In the cities of the Urals and Siberia in the 17th century there were special groups of service people, the so-called “Lithuanian list”. Subsequently, the bulk of them settled in Siberia, and soon nothing except their surname reminded them of their “Lithuanian” or “Polish” origin. In the 18th – early 19th centuries, Belarusians also came to our region more often as exiles; unfortunately, we do not know the statistics of that time.

The beginning of the active resettlement of Belarusians to the east is associated with the abolition of serfdom. Like the population of the central regions of Great Russia, residents of Belarus began to gradually go to the Urals and Siberia in search of a better life.

A sharp intensification of the resettlement movement occurred at the beginning of the 20th century, in connection with the Stolypin agrarian reform. Then the great-grandmothers and great-grandfathers of many of our Belarusians arrived in the Southern Urals, and very often they came with whole families. Belarusians live everywhere in the Urals; according to the census, their number is slightly more than 20 thousand people.

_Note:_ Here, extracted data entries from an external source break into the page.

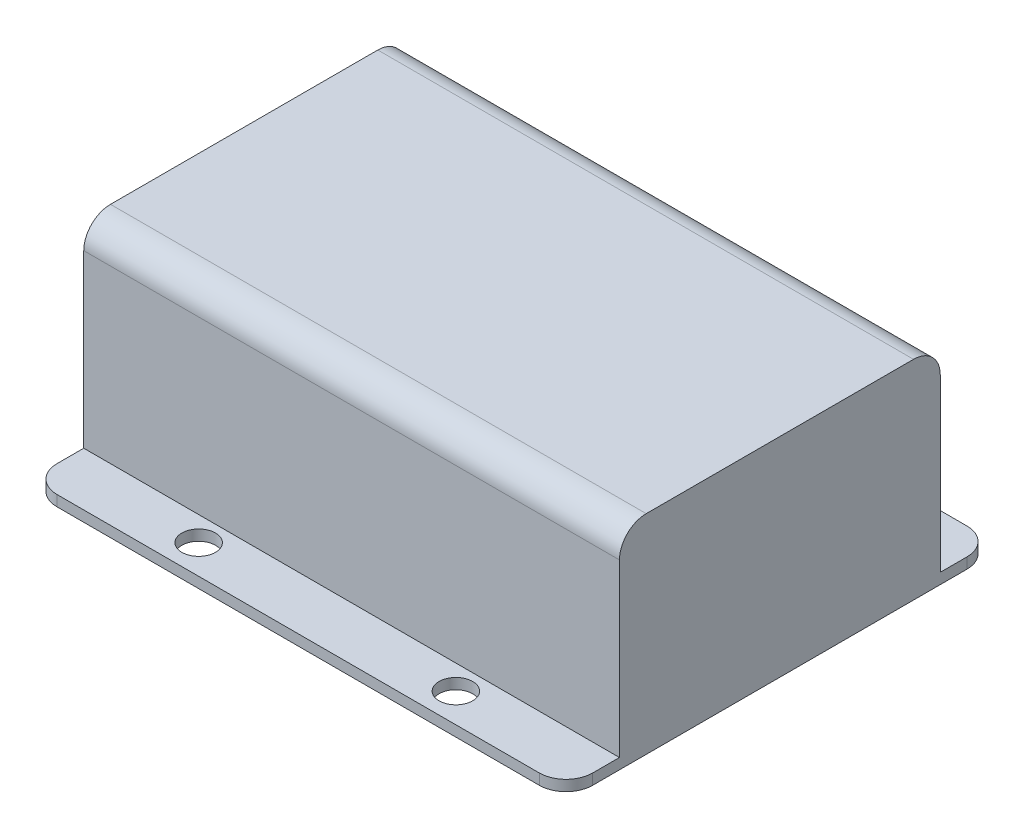
ISO-10303-21;
HEADER;
FILE_DESCRIPTION(('STEP AP214'),'2;1');
FILE_NAME('part.step','',(''),(''),'','','');
FILE_SCHEMA(('AUTOMOTIVE_DESIGN { 1 0 10303 214 1 1 1 1 }'));
ENDSEC;
DATA;
#1=APPLICATION_CONTEXT('core data for automotive mechanical design processes');
#2=APPLICATION_PROTOCOL_DEFINITION('international standard','automotive_design',2000,#1);
#3=PRODUCT_CONTEXT('',#1,'mechanical');
#4=PRODUCT('Part','Part','',(#3));
#5=PRODUCT_RELATED_PRODUCT_CATEGORY('part','',(#4));
#6=PRODUCT_DEFINITION_FORMATION('','',#4);
#7=PRODUCT_DEFINITION_CONTEXT('part definition',#1,'design');
#8=PRODUCT_DEFINITION('design','',#6,#7);
#9=PRODUCT_DEFINITION_SHAPE('','',#8);
#10=(LENGTH_UNIT() NAMED_UNIT(*) SI_UNIT(.MILLI.,.METRE.));
#11=(NAMED_UNIT(*) PLANE_ANGLE_UNIT() SI_UNIT($,.RADIAN.));
#12=(NAMED_UNIT(*) SI_UNIT($,.STERADIAN.) SOLID_ANGLE_UNIT());
#13=UNCERTAINTY_MEASURE_WITH_UNIT(LENGTH_MEASURE(1.E-05),#10,'distance_accuracy_value','');
#14=(GEOMETRIC_REPRESENTATION_CONTEXT(3) GLOBAL_UNCERTAINTY_ASSIGNED_CONTEXT((#13)) GLOBAL_UNIT_ASSIGNED_CONTEXT((#10,
#11,#12)) REPRESENTATION_CONTEXT('',''));
#15=CARTESIAN_POINT('',(0.,0.,0.));
#16=DIRECTION('',(0.,0.,1.));
#17=DIRECTION('',(1.,0.,0.));
#18=AXIS2_PLACEMENT_3D('',#15,#16,#17);
#19=CARTESIAN_POINT('',(0.,2.,0.));
#20=DIRECTION('',(0.,1.,0.));
#21=DIRECTION('',(0.,0.,1.));
#22=AXIS2_PLACEMENT_3D('',#19,#20,#21);
#23=PLANE('',#22);
#24=DIRECTION('',(-1.,0.,0.));
#25=VECTOR('',#24,1.);
#26=CARTESIAN_POINT('',(-50.01,2.,-40.));
#27=LINE('',#26,#25);
#28=CARTESIAN_POINT('',(45.19,2.,-40.));
#29=VERTEX_POINT('',#28);
#30=CARTESIAN_POINT('',(-45.01,2.,-40.));
#31=VERTEX_POINT('',#30);
#32=EDGE_CURVE('E164',#29,#31,#27,.T.);
#33=ORIENTED_EDGE('',*,*,#32,.T.);
#34=CARTESIAN_POINT('',(-45.01,2.,-35.));
#35=DIRECTION('',(0.,1.,0.));
#36=DIRECTION('',(0.,0.,1.));
#37=AXIS2_PLACEMENT_3D('',#34,#35,#36);
#38=CIRCLE('',#37,5.);
#39=CARTESIAN_POINT('',(-50.01,2.,-35.));
#40=VERTEX_POINT('',#39);
#41=EDGE_CURVE('E274',#31,#40,#38,.T.);
#42=ORIENTED_EDGE('',*,*,#41,.T.);
#43=DIRECTION('',(0.,0.,1.));
#44=VECTOR('',#43,1.);
#45=CARTESIAN_POINT('',(-50.01,2.,-40.));
#46=LINE('',#45,#44);
#47=CARTESIAN_POINT('',(-50.01,2.,-30.));
#48=VERTEX_POINT('',#47);
#49=EDGE_CURVE('E219',#40,#48,#46,.T.);
#50=ORIENTED_EDGE('',*,*,#49,.T.);
#51=DIRECTION('',(-1.,0.,0.));
#52=VECTOR('',#51,1.);
#53=CARTESIAN_POINT('',(-50.01,2.,-30.));
#54=LINE('',#53,#52);
#55=CARTESIAN_POINT('',(50.19,2.,-30.));
#56=VERTEX_POINT('',#55);
#57=EDGE_CURVE('E169',#56,#48,#54,.T.);
#58=ORIENTED_EDGE('',*,*,#57,.F.);
#59=DIRECTION('',(0.,0.,-1.));
#60=VECTOR('',#59,1.);
#61=CARTESIAN_POINT('',(50.19,2.,-40.));
#62=LINE('',#61,#60);
#63=CARTESIAN_POINT('',(50.19,2.,-35.));
#64=VERTEX_POINT('',#63);
#65=EDGE_CURVE('E165',#56,#64,#62,.T.);
#66=ORIENTED_EDGE('',*,*,#65,.T.);
#67=CARTESIAN_POINT('',(45.19,2.,-35.));
#68=DIRECTION('',(0.,1.,0.));
#69=DIRECTION('',(0.,0.,1.));
#70=AXIS2_PLACEMENT_3D('',#67,#68,#69);
#71=CIRCLE('',#70,5.);
#72=EDGE_CURVE('E271',#64,#29,#71,.T.);
#73=ORIENTED_EDGE('',*,*,#72,.T.);
#74=EDGE_LOOP('',(#33,#42,#50,#58,#66,#73));
#75=FACE_BOUND('',#74,.T.);
#76=CARTESIAN_POINT('',(24.14,2.,-34.55));
#77=DIRECTION('',(0.,1.,0.));
#78=DIRECTION('',(0.,0.,1.));
#79=AXIS2_PLACEMENT_3D('',#76,#77,#78);
#80=CIRCLE('',#79,3.13999999999999);
#81=CARTESIAN_POINT('',(24.14,2.,-31.41));
#82=VERTEX_POINT('',#81);
#83=EDGE_CURVE('E203',#82,#82,#80,.T.);
#84=ORIENTED_EDGE('',*,*,#83,.F.);
#85=EDGE_LOOP('',(#84));
#86=FACE_BOUND('',#85,.T.);
#87=CARTESIAN_POINT('',(-23.96,2.,-34.55));
#88=DIRECTION('',(0.,1.,0.));
#89=DIRECTION('',(0.,0.,1.));
#90=AXIS2_PLACEMENT_3D('',#87,#88,#89);
#91=CIRCLE('',#90,3.13999999999999);
#92=CARTESIAN_POINT('',(-23.96,2.,-31.41));
#93=VERTEX_POINT('',#92);
#94=EDGE_CURVE('E211',#93,#93,#91,.T.);
#95=ORIENTED_EDGE('',*,*,#94,.F.);
#96=EDGE_LOOP('',(#95));
#97=FACE_BOUND('',#96,.T.);
#98=ADVANCED_FACE('F39',(#75,#86,#97),#23,.T.);
#99=DIRECTION('',(1.,0.,0.));
#100=VECTOR('',#99,1.);
#101=CARTESIAN_POINT('',(-50.01,2.,40.));
#102=LINE('',#101,#100);
#103=CARTESIAN_POINT('',(-45.01,2.,40.));
#104=VERTEX_POINT('',#103);
#105=CARTESIAN_POINT('',(45.19,2.,40.));
#106=VERTEX_POINT('',#105);
#107=EDGE_CURVE('E223',#104,#106,#102,.T.);
#108=ORIENTED_EDGE('',*,*,#107,.T.);
#109=CARTESIAN_POINT('',(45.19,2.,35.));
#110=DIRECTION('',(0.,1.,0.));
#111=DIRECTION('',(0.,0.,1.));
#112=AXIS2_PLACEMENT_3D('',#109,#110,#111);
#113=CIRCLE('',#112,5.);
#114=CARTESIAN_POINT('',(50.19,2.,35.));
#115=VERTEX_POINT('',#114);
#116=EDGE_CURVE('E162',#106,#115,#113,.T.);
#117=ORIENTED_EDGE('',*,*,#116,.T.);
#118=CARTESIAN_POINT('',(50.19,2.,30.));
#119=VERTEX_POINT('',#118);
#120=EDGE_CURVE('E145',#115,#119,#62,.T.);
#121=ORIENTED_EDGE('',*,*,#120,.T.);
#122=DIRECTION('',(1.,0.,0.));
#123=VECTOR('',#122,1.);
#124=CARTESIAN_POINT('',(-50.01,2.,30.));
#125=LINE('',#124,#123);
#126=CARTESIAN_POINT('',(-50.01,2.,30.));
#127=VERTEX_POINT('',#126);
#128=EDGE_CURVE('E159',#127,#119,#125,.T.);
#129=ORIENTED_EDGE('',*,*,#128,.F.);
#130=CARTESIAN_POINT('',(-50.01,2.,35.));
#131=VERTEX_POINT('',#130);
#132=EDGE_CURVE('E224',#127,#131,#46,.T.);
#133=ORIENTED_EDGE('',*,*,#132,.T.);
#134=CARTESIAN_POINT('',(-45.01,2.,35.));
#135=DIRECTION('',(0.,1.,0.));
#136=DIRECTION('',(0.,0.,1.));
#137=AXIS2_PLACEMENT_3D('',#134,#135,#136);
#138=CIRCLE('',#137,5.);
#139=EDGE_CURVE('E290',#131,#104,#138,.T.);
#140=ORIENTED_EDGE('',*,*,#139,.T.);
#141=EDGE_LOOP('',(#108,#117,#121,#129,#133,#140));
#142=FACE_BOUND('',#141,.T.);
#143=CARTESIAN_POINT('',(24.1400000000007,2.,34.55));
#144=DIRECTION('',(0.,1.,0.));
#145=DIRECTION('',(0.,0.,1.));
#146=AXIS2_PLACEMENT_3D('',#143,#144,#145);
#147=CIRCLE('',#146,3.13999999999999);
#148=CARTESIAN_POINT('',(24.1400000000007,2.,37.69));
#149=VERTEX_POINT('',#148);
#150=EDGE_CURVE('E195',#149,#149,#147,.T.);
#151=ORIENTED_EDGE('',*,*,#150,.F.);
#152=EDGE_LOOP('',(#151));
#153=FACE_BOUND('',#152,.T.);
#154=CARTESIAN_POINT('',(-23.9599999999993,2.,34.55));
#155=DIRECTION('',(0.,1.,0.));
#156=DIRECTION('',(0.,0.,1.));
#157=AXIS2_PLACEMENT_3D('',#154,#155,#156);
#158=CIRCLE('',#157,3.13999999999999);
#159=CARTESIAN_POINT('',(-23.9599999999993,2.,37.69));
#160=VERTEX_POINT('',#159);
#161=EDGE_CURVE('E187',#160,#160,#158,.T.);
#162=ORIENTED_EDGE('',*,*,#161,.F.);
#163=EDGE_LOOP('',(#162));
#164=FACE_BOUND('',#163,.T.);
#165=ADVANCED_FACE('F156',(#142,#153,#164),#23,.T.);
#166=CARTESIAN_POINT('',(0.,0.,0.));
#167=DIRECTION('',(0.,1.,0.));
#168=DIRECTION('',(0.,0.,1.));
#169=AXIS2_PLACEMENT_3D('',#166,#167,#168);
#170=PLANE('',#169);
#171=DIRECTION('',(0.,0.,1.));
#172=VECTOR('',#171,1.);
#173=CARTESIAN_POINT('',(-50.01,0.,-40.));
#174=LINE('',#173,#172);
#175=CARTESIAN_POINT('',(-50.01,0.,-35.));
#176=VERTEX_POINT('',#175);
#177=CARTESIAN_POINT('',(-50.01,0.,35.));
#178=VERTEX_POINT('',#177);
#179=EDGE_CURVE('E215',#176,#178,#174,.T.);
#180=ORIENTED_EDGE('',*,*,#179,.F.);
#181=CARTESIAN_POINT('',(-45.01,0.,-35.));
#182=DIRECTION('',(0.,1.,0.));
#183=DIRECTION('',(0.,0.,1.));
#184=AXIS2_PLACEMENT_3D('',#181,#182,#183);
#185=CIRCLE('',#184,5.);
#186=CARTESIAN_POINT('',(-45.01,0.,-40.));
#187=VERTEX_POINT('',#186);
#188=EDGE_CURVE('E261',#176,#187,#185,.F.);
#189=ORIENTED_EDGE('',*,*,#188,.T.);
#190=DIRECTION('',(-1.,0.,0.));
#191=VECTOR('',#190,1.);
#192=CARTESIAN_POINT('',(-50.01,0.,-40.));
#193=LINE('',#192,#191);
#194=CARTESIAN_POINT('',(45.19,0.,-40.));
#195=VERTEX_POINT('',#194);
#196=EDGE_CURVE('E242',#195,#187,#193,.T.);
#197=ORIENTED_EDGE('',*,*,#196,.F.);
#198=CARTESIAN_POINT('',(45.19,0.,-35.));
#199=DIRECTION('',(0.,1.,0.));
#200=DIRECTION('',(0.,0.,1.));
#201=AXIS2_PLACEMENT_3D('',#198,#199,#200);
#202=CIRCLE('',#201,5.);
#203=CARTESIAN_POINT('',(50.19,0.,-35.));
#204=VERTEX_POINT('',#203);
#205=EDGE_CURVE('E258',#195,#204,#202,.F.);
#206=ORIENTED_EDGE('',*,*,#205,.T.);
#207=DIRECTION('',(0.,0.,-1.));
#208=VECTOR('',#207,1.);
#209=CARTESIAN_POINT('',(50.19,0.,-40.));
#210=LINE('',#209,#208);
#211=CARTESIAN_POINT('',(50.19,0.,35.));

The population of the modern Southern Urals (Chelyabinsk region) represents more than 130 nationalities.

The Russian population is still the largest and makes up 82.3 percent of the total population of the region. This predominance is typical for both urban and rural areas.
In progress historical development in the Urals there was a mixing of many nationalities, as a result of which there was a modern population. Its mechanistic division along national or religious lines is unthinkable today (thanks to the huge number of mixed marriages) and therefore there is no place for chauvinism and interethnic enmity in the Urals.

The Urals are known as a multinational region with rich culture based on ancient traditions. Not only Russians live here (who began to actively populate the Urals since the 17th century), but also Bashkirs, Tatars, Komi, Mansi, Nenets, Mari, Chuvash, Mordovians and others.

The appearance of man in the Urals

The first man appeared in the Urals approximately 100 thousand years ago. It is possible that this happened before, but there are no finds associated with more early period, scientists do not yet have at their disposal. The oldest Paleolithic site primitive man was discovered in the area of ​​Lake Karabalykty, near the village of Tashbulatovo, Abzelilovsky district of the Republic of Bashkortostan.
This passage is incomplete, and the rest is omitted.